On better machines, it's Xfce. It's still light, though not as light as Jwm & guys, has great configurability, OK keybindings, and looks good (yeah, I like my eye candy!)
It uses standards, and it's menu uses one too. The desktop entries are in .desktop files, and it doesn't need a restart for new apps to appear in the menu.

I haven't yet had time to try Enlightenment, but it seems great.

Then there's fluxbox. Looks cool too, and has great functionality.

And then my personal all-time favorite desktop environment: Bash! I like to work in a high-resolution console. It's easy to read, and works way faster than anything in X. Leaves lot more ram to apps too. And has absolutely no taskbars ;)

So, next I will have to mess with Jwm, due to the fact it's become the default :)

It's not simply about resolution and size but about things that start to add up without having any utility or benefit, or even things that are redundant. For example, say you want to stack four windows with equal geometry in 800x600 on your desktop. Without any window decorations or borders, you would get four windows that were 200x150. Add 24pixel title bars, you just removed 2x24x800 pixels just for the title bar decorations. Then 5 pixel borders around everything. If you have a taskbar, you lose whatever heightxwidth that is -- 24x800, reducing the windows to 200x138. So your 200x150 (really 138) boxes don't have nearly as much room for what you want to do in them. Yes, you can cascade or overlap windows and it's less of an issue. But you're still using up more space than you need.

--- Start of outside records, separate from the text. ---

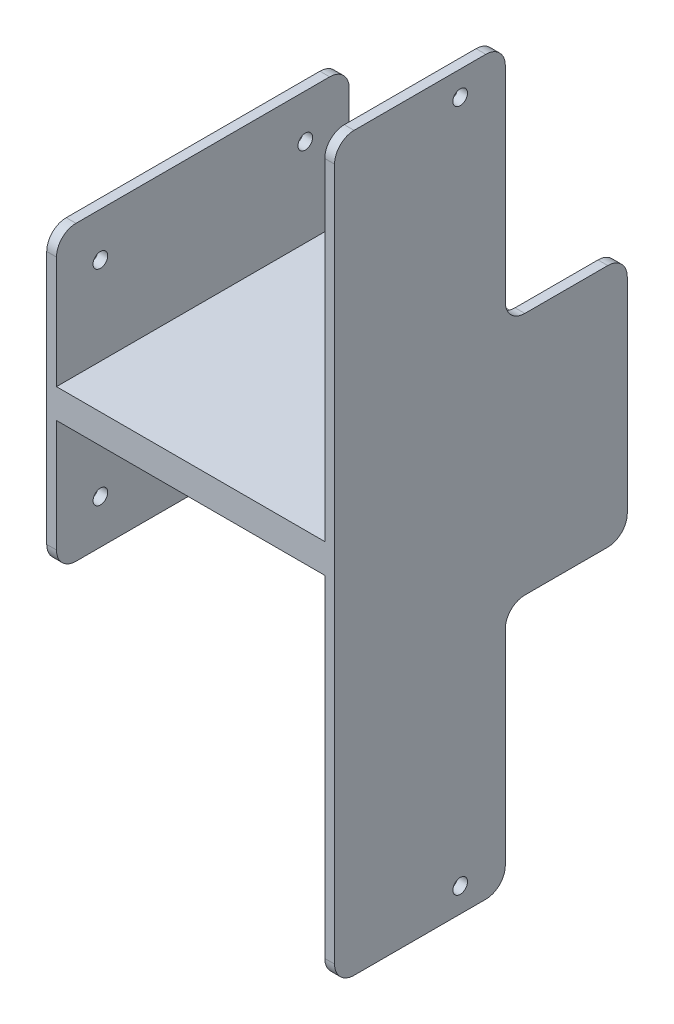
ISO-10303-21;
HEADER;
FILE_DESCRIPTION(('STEP AP214'),'2;1');
FILE_NAME('part.step','',(''),(''),'','','');
FILE_SCHEMA(('AUTOMOTIVE_DESIGN { 1 0 10303 214 1 1 1 1 }'));
ENDSEC;
DATA;
#1=APPLICATION_CONTEXT('core data for automotive mechanical design processes');
#2=APPLICATION_PROTOCOL_DEFINITION('international standard','automotive_design',2000,#1);
#3=PRODUCT_CONTEXT('',#1,'mechanical');
#4=PRODUCT('Part','Part','',(#3));
#5=PRODUCT_RELATED_PRODUCT_CATEGORY('part','',(#4));
#6=PRODUCT_DEFINITION_FORMATION('','',#4);
#7=PRODUCT_DEFINITION_CONTEXT('part definition',#1,'design');
#8=PRODUCT_DEFINITION('design','',#6,#7);
#9=PRODUCT_DEFINITION_SHAPE('','',#8);
#10=(LENGTH_UNIT() NAMED_UNIT(*) SI_UNIT(.MILLI.,.METRE.));
#11=(NAMED_UNIT(*) PLANE_ANGLE_UNIT() SI_UNIT($,.RADIAN.));
#12=(NAMED_UNIT(*) SI_UNIT($,.STERADIAN.) SOLID_ANGLE_UNIT());
#13=UNCERTAINTY_MEASURE_WITH_UNIT(LENGTH_MEASURE(1.E-05),#10,'distance_accuracy_value','');
#14=(GEOMETRIC_REPRESENTATION_CONTEXT(3) GLOBAL_UNCERTAINTY_ASSIGNED_CONTEXT((#13)) GLOBAL_UNIT_ASSIGNED_CONTEXT((#10,
#11,#12)) REPRESENTATION_CONTEXT('',''));
#15=CARTESIAN_POINT('',(0.,0.,0.));
#16=DIRECTION('',(0.,0.,1.));
#17=DIRECTION('',(1.,0.,0.));
#18=AXIS2_PLACEMENT_3D('',#15,#16,#17);
#19=CARTESIAN_POINT('',(-29.5,30.,60.));
#20=DIRECTION('',(1.,0.,0.));
#21=DIRECTION('',(0.,1.,0.));
#22=AXIS2_PLACEMENT_3D('',#19,#20,#21);
#23=PLANE('',#22);
#24=CARTESIAN_POINT('',(-29.5,-21.,51.));
#25=DIRECTION('',(-1.,0.,0.));
#26=DIRECTION('',(0.,-1.,0.));
#27=AXIS2_PLACEMENT_3D('',#24,#25,#26);
#28=CIRCLE('',#27,1.5);
#29=CARTESIAN_POINT('',(-29.5,-22.5,51.));
#30=VERTEX_POINT('',#29);
#31=EDGE_CURVE('E508',#30,#30,#28,.T.);
#32=ORIENTED_EDGE('',*,*,#31,.F.);
#33=EDGE_LOOP('',(#32));
#34=FACE_BOUND('',#33,.T.);
#35=CARTESIAN_POINT('',(-29.5,21.,9.));
#36=DIRECTION('',(-1.,0.,0.));
#37=DIRECTION('',(0.,-1.,0.));
#38=AXIS2_PLACEMENT_3D('',#35,#36,#37);
#39=CIRCLE('',#38,1.5);
#40=CARTESIAN_POINT('',(-29.5,19.5,9.));
#41=VERTEX_POINT('',#40);
#42=EDGE_CURVE('E509',#41,#41,#39,.T.);
#43=ORIENTED_EDGE('',*,*,#42,.F.);
#44=EDGE_LOOP('',(#43));
#45=FACE_BOUND('',#44,.T.);
#46=CARTESIAN_POINT('',(-29.5,-21.,9.00000000000001));
#47=DIRECTION('',(-1.,0.,0.));
#48=DIRECTION('',(0.,-1.,0.));
#49=AXIS2_PLACEMENT_3D('',#46,#47,#48);
#50=CIRCLE('',#49,1.5);
#51=CARTESIAN_POINT('',(-29.5,-22.5,9.00000000000001));
#52=VERTEX_POINT('',#51);
#53=EDGE_CURVE('E512',#52,#52,#50,.T.);
#54=ORIENTED_EDGE('',*,*,#53,.F.);
#55=EDGE_LOOP('',(#54));
#56=FACE_BOUND('',#55,.T.);
#57=CARTESIAN_POINT('',(-29.5,21.,51.));
#58=DIRECTION('',(-1.,0.,0.));
#59=DIRECTION('',(0.,-1.,0.));
#60=AXIS2_PLACEMENT_3D('',#57,#58,#59);
#61=CIRCLE('',#60,1.5);
#62=CARTESIAN_POINT('',(-29.5,19.5,51.));
#63=VERTEX_POINT('',#62);
#64=EDGE_CURVE('E318',#63,#63,#61,.T.);
#65=ORIENTED_EDGE('',*,*,#64,.F.);
#66=EDGE_LOOP('',(#65));
#67=FACE_BOUND('',#66,.T.);
#68=DIRECTION('',(0.,-1.,0.));
#69=VECTOR('',#68,1.);
#70=CARTESIAN_POINT('',(-29.5,30.,60.));
#71=LINE('',#70,#69);
#72=CARTESIAN_POINT('',(-29.5,26.,60.));
#73=VERTEX_POINT('',#72);
#74=CARTESIAN_POINT('',(-29.5,-26.,60.));
#75=VERTEX_POINT('',#74);
#76=EDGE_CURVE('E234',#73,#75,#71,.T.);
#77=ORIENTED_EDGE('',*,*,#76,.F.);
#78=CARTESIAN_POINT('',(-29.5,26.,56.));
#79=DIRECTION('',(1.,0.,0.));
#80=DIRECTION('',(0.,1.,0.));
#81=AXIS2_PLACEMENT_3D('',#78,#79,#80);
#82=CIRCLE('',#81,4.);
#83=CARTESIAN_POINT('',(-29.5,30.,56.));
#84=VERTEX_POINT('',#83);
#85=EDGE_CURVE('E355',#73,#84,#82,.F.);
#86=ORIENTED_EDGE('',*,*,#85,.T.);
#87=DIRECTION('',(0.,0.,-1.));
#88=VECTOR('',#87,1.);
#89=CARTESIAN_POINT('',(-29.5,30.,60.));
#90=LINE('',#89,#88);
#91=CARTESIAN_POINT('',(-29.5,30.,4.));
#92=VERTEX_POINT('',#91);
#93=EDGE_CURVE('E263',#84,#92,#90,.T.);
#94=ORIENTED_EDGE('',*,*,#93,.T.);
#95=CARTESIAN_POINT('',(-29.5,26.,4.));
#96=DIRECTION('',(1.,0.,0.));
#97=DIRECTION('',(0.,1.,0.));
#98=AXIS2_PLACEMENT_3D('',#95,#96,#97);
#99=CIRCLE('',#98,4.);
#100=CARTESIAN_POINT('',(-29.5,26.,0.));
#101=VERTEX_POINT('',#100);
#102=EDGE_CURVE('E351',#92,#101,#99,.F.);
#103=ORIENTED_EDGE('',*,*,#102,.T.);
#104=DIRECTION('',(0.,-1.,0.));
#105=VECTOR('',#104,1.);
#106=CARTESIAN_POINT('',(-29.5,30.,0.));
#107=LINE('',#106,#105);
#108=CARTESIAN_POINT('',(-29.5,-26.,0.));
#109=VERTEX_POINT('',#108);
#110=EDGE_CURVE('E264',#101,#109,#107,.T.);
#111=ORIENTED_EDGE('',*,*,#110,.T.);
#112=CARTESIAN_POINT('',(-29.5,-26.,4.));
#113=DIRECTION('',(1.,0.,0.));
#114=DIRECTION('',(0.,1.,0.));
#115=AXIS2_PLACEMENT_3D('',#112,#113,#114);
#116=CIRCLE('',#115,4.);
#117=CARTESIAN_POINT('',(-29.5,-30.,4.));
#118=VERTEX_POINT('',#117);
#119=EDGE_CURVE('E349',#109,#118,#116,.F.);
#120=ORIENTED_EDGE('',*,*,#119,.T.);
#121=DIRECTION('',(0.,0.,-1.));
#122=VECTOR('',#121,1.);
#123=CARTESIAN_POINT('',(-29.5,-30.,60.));
#124=LINE('',#123,#122);
#125=CARTESIAN_POINT('',(-29.5,-30.,56.));
#126=VERTEX_POINT('',#125);
#127=EDGE_CURVE('E310',#126,#118,#124,.T.);
#128=ORIENTED_EDGE('',*,*,#127,.F.);
#129=CARTESIAN_POINT('',(-29.5,-26.,56.));
#130=DIRECTION('',(1.,0.,0.));
#131=DIRECTION('',(0.,1.,0.));
#132=AXIS2_PLACEMENT_3D('',#129,#130,#131);
#133=CIRCLE('',#132,4.);
#134=EDGE_CURVE('E353',#126,#75,#133,.F.);
#135=ORIENTED_EDGE('',*,*,#134,.T.);
#136=EDGE_LOOP('',(#77,#86,#94,#103,#111,#120,#128,#135));
#137=FACE_BOUND('',#136,.T.);
#138=ADVANCED_FACE('F37',(#34,#45,#56,#67,#137),#23,.F.);
#139=CARTESIAN_POINT('',(-29.5,-30.,60.));
#140=DIRECTION('',(0.,1.,0.));
#141=DIRECTION('',(-1.,0.,0.));
#142=AXIS2_PLACEMENT_3D('',#139,#140,#141);
#143=PLANE('',#142);
#144=DIRECTION('',(0.,0.,-1.));
#145=VECTOR('',#144,1.);
#146=CARTESIAN_POINT('',(-27.5,-30.,60.));
#147=LINE('',#146,#145);
#148=CARTESIAN_POINT('',(-27.5,-30.,56.));
#149=VERTEX_POINT('',#148);
#150=CARTESIAN_POINT('',(-27.5,-30.,4.));
#151=VERTEX_POINT('',#150);
#152=EDGE_CURVE('E243',#149,#151,#147,.T.);
#153=ORIENTED_EDGE('',*,*,#152,.F.);
#154=DIRECTION('',(1.,0.,0.));
#155=VECTOR('',#154,1.);
#156=CARTESIAN_POINT('',(-29.5,-30.,56.));
#157=LINE('',#156,#155);
#158=EDGE_CURVE('E373',#149,#126,#157,.F.);
#159=ORIENTED_EDGE('',*,*,#158,.T.);
#160=ORIENTED_EDGE('',*,*,#127,.T.);
#161=DIRECTION('',(1.,0.,0.));
#162=VECTOR('',#161,1.);
#163=CARTESIAN_POINT('',(-29.5,-30.,4.));
#164=LINE('',#163,#162);
#165=EDGE_CURVE('E370',#118,#151,#164,.T.);
#166=ORIENTED_EDGE('',*,*,#165,.T.);
#167=EDGE_LOOP('',(#153,#159,#160,#166));
#168=FACE_BOUND('',#167,.T.);
#169=ADVANCED_FACE('F501',(#168),#143,.F.);
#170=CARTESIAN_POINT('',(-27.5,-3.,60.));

What do the window titles add if you also have a task bar showing what's up and running? Title bars are redundant to task bars. That's why I set up my jwmrc to remove titles (and borders) from terminals and apps I run maximized (which is nearly everything). I can still navigate through those windows with alt-tab or with a mouse but my only loss in screen real estate is that 20x800 tray on the top (I ended up switching positions htop and tail as well as moving the dock back to the right as I wrote I would).

Good tips on JWM options, Lucky13.

I quite like the borderless windows and controlling them via keyboard or taskbar. That setup does save screen real estate and actually helps me because of my severe ptosis. Less eye movement for controlling windows. It almost gives a MacIntosh like behaviour.